» **Work required**
When the line containing "Designer: plebbb" appears in the listing below, set it down along with each later line through the end, exactly as written, and nothing before it.

● ● ●

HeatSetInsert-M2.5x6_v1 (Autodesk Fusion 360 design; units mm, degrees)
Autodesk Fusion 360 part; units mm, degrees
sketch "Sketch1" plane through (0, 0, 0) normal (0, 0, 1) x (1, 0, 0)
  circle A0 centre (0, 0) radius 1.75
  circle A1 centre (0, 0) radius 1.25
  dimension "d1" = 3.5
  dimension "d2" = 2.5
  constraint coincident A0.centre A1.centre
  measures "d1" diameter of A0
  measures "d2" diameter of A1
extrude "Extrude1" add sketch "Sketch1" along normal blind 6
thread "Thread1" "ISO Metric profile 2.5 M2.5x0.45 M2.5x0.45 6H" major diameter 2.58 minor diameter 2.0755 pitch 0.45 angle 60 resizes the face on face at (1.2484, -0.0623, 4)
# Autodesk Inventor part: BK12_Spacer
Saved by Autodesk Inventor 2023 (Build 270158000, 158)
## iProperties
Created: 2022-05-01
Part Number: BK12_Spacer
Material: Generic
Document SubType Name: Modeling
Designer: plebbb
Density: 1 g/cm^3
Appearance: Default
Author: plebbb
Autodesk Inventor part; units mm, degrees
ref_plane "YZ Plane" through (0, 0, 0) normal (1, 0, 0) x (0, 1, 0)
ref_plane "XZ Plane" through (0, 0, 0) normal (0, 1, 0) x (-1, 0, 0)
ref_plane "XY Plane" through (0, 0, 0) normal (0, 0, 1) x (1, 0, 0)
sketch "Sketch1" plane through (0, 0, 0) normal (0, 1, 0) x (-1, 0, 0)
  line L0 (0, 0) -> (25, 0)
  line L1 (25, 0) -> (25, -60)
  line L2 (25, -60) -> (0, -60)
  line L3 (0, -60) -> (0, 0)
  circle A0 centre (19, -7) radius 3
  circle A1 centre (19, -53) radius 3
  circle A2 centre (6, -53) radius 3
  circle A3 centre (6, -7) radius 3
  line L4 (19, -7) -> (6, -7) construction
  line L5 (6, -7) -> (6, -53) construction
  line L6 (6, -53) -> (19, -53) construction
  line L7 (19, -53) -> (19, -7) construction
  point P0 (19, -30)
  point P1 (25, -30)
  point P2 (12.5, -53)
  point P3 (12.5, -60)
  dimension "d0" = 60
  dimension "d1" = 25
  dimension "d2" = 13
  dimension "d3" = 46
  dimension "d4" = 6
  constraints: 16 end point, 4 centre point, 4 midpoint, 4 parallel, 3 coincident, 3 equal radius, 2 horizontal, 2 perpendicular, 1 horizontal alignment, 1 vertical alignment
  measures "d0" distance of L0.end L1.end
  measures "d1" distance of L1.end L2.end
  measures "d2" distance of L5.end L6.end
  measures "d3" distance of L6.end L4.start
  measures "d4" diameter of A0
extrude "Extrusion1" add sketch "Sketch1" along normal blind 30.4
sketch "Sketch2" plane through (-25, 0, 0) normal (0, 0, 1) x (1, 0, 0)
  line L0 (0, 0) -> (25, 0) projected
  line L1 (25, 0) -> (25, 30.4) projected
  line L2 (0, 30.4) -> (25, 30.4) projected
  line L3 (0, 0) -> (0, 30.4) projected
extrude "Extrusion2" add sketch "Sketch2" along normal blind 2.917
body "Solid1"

● ● ●

» **Written response**
Designer: plebbb
Density: 1 g/cm^3
Appearance: Default
Author: plebbb
Autodesk Inventor part; units mm, degrees
ref_plane "YZ Plane" through (0, 0, 0) normal (1, 0, 0) x (0, 1, 0)
ref_plane "XZ Plane" through (0, 0, 0) normal (0, 1, 0) x (-1, 0, 0)
ref_plane "XY Plane" through (0, 0, 0) normal (0, 0, 1) x (1, 0, 0)
sketch "Sketch1" plane through (0, 0, 0) normal (0, 1, 0) x (-1, 0, 0)
  line L0 (0, 0) -> (25, 0)
  line L1 (25, 0) -> (25, -60)
  line L2 (25, -60) -> (0, -60)
  line L3 (0, -60) -> (0, 0)
  circle A0 centre (19, -7) radius 3
  circle A1 centre (19, -53) radius 3
  circle A2 centre (6, -53) radius 3
  circle A3 centre (6, -7) radius 3
  line L4 (19, -7) -> (6, -7) construction
  line L5 (6, -7) -> (6, -53) construction
  line L6 (6, -53) -> (19, -53) construction
  line L7 (19, -53) -> (19, -7) construction
  point P0 (19, -30)
  point P1 (25, -30)
  point P2 (12.5, -53)
  point P3 (12.5, -60)
  dimension "d0" = 60
  dimension "d1" = 25
  dimension "d2" = 13
  dimension "d3" = 46
  dimension "d4" = 6
  constraints: 16 end point, 4 centre point, 4 midpoint, 4 parallel, 3 coincident, 3 equal radius, 2 horizontal, 2 perpendicular, 1 horizontal alignment, 1 vertical alignment
  measures "d0" distance of L0.end L1.end
  measures "d1" distance of L1.end L2.end
  measures "d2" distance of L5.end L6.end
  measures "d3" distance of L6.end L4.start
  measures "d4" diameter of A0
extrude "Extrusion1" add sketch "Sketch1" along normal blind 30.4
sketch "Sketch2" plane through (-25, 0, 0) normal (0, 0, 1) x (1, 0, 0)
  line L0 (0, 0) -> (25, 0) projected
  line L1 (25, 0) -> (25, 30.4) projected
  line L2 (0, 30.4) -> (25, 30.4) projected
  line L3 (0, 0) -> (0, 30.4) projected
extrude "Extrusion2" add sketch "Sketch2" along normal blind 2.917
body "Solid1"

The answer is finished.